REQUIRED ACTION: Every line in the records below that holds "circle" must be identified and copied.

*** DATA TO EXAMINE Section Begins ***

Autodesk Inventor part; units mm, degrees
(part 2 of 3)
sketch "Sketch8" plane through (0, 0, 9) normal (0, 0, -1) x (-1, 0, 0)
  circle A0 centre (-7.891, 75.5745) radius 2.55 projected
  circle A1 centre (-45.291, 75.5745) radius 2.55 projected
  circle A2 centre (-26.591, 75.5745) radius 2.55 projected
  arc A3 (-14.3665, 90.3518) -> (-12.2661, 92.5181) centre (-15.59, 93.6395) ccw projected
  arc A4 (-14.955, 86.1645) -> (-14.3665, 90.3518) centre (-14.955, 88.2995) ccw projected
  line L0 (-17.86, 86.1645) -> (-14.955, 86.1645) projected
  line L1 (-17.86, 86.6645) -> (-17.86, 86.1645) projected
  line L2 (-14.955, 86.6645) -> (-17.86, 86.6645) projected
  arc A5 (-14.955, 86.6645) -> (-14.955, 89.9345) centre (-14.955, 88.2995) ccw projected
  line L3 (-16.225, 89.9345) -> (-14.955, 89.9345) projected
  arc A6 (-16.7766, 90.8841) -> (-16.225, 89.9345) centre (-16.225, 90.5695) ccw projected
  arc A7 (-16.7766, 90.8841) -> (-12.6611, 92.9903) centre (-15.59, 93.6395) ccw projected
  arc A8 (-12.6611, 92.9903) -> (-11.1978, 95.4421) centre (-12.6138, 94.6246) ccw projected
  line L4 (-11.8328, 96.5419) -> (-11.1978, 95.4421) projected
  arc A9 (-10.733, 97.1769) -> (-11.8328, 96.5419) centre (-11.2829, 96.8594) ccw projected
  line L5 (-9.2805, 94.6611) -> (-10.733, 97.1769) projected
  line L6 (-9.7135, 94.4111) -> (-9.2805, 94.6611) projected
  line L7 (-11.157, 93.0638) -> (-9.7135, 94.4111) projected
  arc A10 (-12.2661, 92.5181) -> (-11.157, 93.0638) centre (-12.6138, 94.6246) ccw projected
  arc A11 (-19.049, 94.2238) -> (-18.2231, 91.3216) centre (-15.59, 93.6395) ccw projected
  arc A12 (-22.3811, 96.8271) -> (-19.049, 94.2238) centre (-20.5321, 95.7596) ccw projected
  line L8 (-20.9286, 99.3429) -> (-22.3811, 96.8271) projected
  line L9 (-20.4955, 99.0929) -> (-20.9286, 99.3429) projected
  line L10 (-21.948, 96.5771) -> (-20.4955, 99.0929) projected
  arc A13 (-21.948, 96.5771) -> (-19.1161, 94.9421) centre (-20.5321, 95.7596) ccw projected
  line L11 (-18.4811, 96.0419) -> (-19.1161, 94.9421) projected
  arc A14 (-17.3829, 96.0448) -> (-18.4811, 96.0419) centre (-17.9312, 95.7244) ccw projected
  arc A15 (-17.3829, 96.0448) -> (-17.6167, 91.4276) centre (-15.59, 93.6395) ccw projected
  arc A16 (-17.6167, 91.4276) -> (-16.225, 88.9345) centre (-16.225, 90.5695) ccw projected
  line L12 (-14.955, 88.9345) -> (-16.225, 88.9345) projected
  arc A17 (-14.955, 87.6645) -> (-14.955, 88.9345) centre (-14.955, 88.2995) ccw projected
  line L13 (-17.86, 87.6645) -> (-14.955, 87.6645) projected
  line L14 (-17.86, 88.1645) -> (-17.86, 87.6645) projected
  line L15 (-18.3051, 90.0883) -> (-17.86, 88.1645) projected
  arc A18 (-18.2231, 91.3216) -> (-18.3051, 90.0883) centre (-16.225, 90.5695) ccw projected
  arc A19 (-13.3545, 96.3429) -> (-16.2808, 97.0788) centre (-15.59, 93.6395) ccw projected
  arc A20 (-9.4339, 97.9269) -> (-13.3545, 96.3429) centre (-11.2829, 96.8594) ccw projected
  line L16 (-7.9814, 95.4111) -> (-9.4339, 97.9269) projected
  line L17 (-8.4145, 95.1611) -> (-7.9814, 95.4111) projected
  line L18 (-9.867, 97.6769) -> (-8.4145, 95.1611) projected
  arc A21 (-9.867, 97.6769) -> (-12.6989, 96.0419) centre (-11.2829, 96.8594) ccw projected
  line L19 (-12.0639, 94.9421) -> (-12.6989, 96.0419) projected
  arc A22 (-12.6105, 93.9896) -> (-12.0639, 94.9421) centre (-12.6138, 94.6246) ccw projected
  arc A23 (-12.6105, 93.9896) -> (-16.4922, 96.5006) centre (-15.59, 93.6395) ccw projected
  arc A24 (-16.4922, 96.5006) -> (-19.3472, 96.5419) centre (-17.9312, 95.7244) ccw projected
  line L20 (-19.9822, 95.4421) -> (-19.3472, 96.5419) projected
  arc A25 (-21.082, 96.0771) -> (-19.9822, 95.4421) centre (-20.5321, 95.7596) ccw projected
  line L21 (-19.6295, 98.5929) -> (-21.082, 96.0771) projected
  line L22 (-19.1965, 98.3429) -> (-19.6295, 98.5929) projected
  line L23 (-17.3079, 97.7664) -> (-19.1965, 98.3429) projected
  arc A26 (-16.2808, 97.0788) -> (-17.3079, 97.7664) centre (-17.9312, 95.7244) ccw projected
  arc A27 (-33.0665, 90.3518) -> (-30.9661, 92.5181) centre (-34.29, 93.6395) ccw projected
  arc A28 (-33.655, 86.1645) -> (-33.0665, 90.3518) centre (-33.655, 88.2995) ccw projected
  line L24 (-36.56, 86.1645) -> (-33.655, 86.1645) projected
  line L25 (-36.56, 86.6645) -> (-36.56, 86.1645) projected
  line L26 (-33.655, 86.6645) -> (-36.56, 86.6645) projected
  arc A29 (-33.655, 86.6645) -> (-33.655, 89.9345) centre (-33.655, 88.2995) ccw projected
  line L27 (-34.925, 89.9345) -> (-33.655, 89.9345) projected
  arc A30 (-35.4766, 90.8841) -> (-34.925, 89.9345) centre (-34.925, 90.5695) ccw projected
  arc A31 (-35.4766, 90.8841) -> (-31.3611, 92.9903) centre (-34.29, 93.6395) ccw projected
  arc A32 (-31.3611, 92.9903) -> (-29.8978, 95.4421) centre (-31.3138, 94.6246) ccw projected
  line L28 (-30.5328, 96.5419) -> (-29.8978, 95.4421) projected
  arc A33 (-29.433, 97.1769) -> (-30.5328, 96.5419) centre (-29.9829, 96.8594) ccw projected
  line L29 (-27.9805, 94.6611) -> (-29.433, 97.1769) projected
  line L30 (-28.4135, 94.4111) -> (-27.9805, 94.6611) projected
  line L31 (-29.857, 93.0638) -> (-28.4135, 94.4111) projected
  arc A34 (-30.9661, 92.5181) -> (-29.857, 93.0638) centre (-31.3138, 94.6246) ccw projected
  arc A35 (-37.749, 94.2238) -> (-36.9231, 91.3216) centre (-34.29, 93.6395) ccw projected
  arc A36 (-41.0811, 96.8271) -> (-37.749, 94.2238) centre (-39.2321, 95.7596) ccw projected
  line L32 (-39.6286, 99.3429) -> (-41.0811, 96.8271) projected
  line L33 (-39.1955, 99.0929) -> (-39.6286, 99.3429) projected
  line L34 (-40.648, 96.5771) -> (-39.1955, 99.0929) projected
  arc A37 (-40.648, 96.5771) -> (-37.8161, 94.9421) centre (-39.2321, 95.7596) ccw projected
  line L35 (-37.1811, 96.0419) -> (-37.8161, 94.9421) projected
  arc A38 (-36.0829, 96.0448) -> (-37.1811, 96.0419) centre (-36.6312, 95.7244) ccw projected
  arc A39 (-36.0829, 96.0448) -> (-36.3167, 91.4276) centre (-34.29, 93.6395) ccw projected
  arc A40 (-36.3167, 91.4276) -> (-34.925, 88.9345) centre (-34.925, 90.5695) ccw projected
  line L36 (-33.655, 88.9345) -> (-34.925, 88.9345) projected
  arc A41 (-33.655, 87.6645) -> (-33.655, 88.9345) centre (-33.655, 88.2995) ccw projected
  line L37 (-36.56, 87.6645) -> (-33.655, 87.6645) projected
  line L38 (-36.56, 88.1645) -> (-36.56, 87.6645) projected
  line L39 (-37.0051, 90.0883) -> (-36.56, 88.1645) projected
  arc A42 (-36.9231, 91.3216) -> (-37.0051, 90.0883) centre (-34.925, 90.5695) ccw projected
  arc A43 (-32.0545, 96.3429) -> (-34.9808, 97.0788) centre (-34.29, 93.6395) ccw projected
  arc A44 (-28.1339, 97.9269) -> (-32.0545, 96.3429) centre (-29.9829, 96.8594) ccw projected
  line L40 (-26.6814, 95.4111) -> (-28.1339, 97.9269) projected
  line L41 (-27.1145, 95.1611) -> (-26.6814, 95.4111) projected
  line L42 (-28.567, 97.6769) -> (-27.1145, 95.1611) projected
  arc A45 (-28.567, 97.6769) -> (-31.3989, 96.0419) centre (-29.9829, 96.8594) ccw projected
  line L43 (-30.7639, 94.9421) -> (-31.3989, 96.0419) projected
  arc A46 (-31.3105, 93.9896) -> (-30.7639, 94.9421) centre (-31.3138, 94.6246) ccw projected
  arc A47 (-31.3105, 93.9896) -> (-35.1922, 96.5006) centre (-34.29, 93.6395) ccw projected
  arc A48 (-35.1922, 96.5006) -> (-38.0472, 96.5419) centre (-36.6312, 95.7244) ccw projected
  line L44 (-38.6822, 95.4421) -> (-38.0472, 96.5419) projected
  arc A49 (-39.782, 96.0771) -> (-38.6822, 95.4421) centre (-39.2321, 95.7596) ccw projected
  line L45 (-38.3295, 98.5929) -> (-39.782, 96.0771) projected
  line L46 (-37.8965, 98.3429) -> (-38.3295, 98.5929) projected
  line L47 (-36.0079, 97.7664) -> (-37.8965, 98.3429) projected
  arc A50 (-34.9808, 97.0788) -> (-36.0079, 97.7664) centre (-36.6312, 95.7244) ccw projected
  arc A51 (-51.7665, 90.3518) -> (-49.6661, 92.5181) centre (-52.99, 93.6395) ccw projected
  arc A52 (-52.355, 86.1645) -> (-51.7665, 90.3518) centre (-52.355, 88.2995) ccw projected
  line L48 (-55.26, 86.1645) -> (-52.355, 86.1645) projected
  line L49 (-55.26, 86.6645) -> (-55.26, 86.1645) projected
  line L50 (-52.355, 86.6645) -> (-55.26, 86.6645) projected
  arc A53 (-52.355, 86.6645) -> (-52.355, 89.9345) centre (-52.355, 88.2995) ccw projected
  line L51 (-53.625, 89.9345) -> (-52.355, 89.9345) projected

*** DATA TO EXAMINE Section Ends ***

EXERCISE ANSWER:
  circle A0 centre (-7.891, 75.5745) radius 2.55 projected
  circle A1 centre (-45.291, 75.5745) radius 2.55 projected
  circle A2 centre (-26.591, 75.5745) radius 2.55 projected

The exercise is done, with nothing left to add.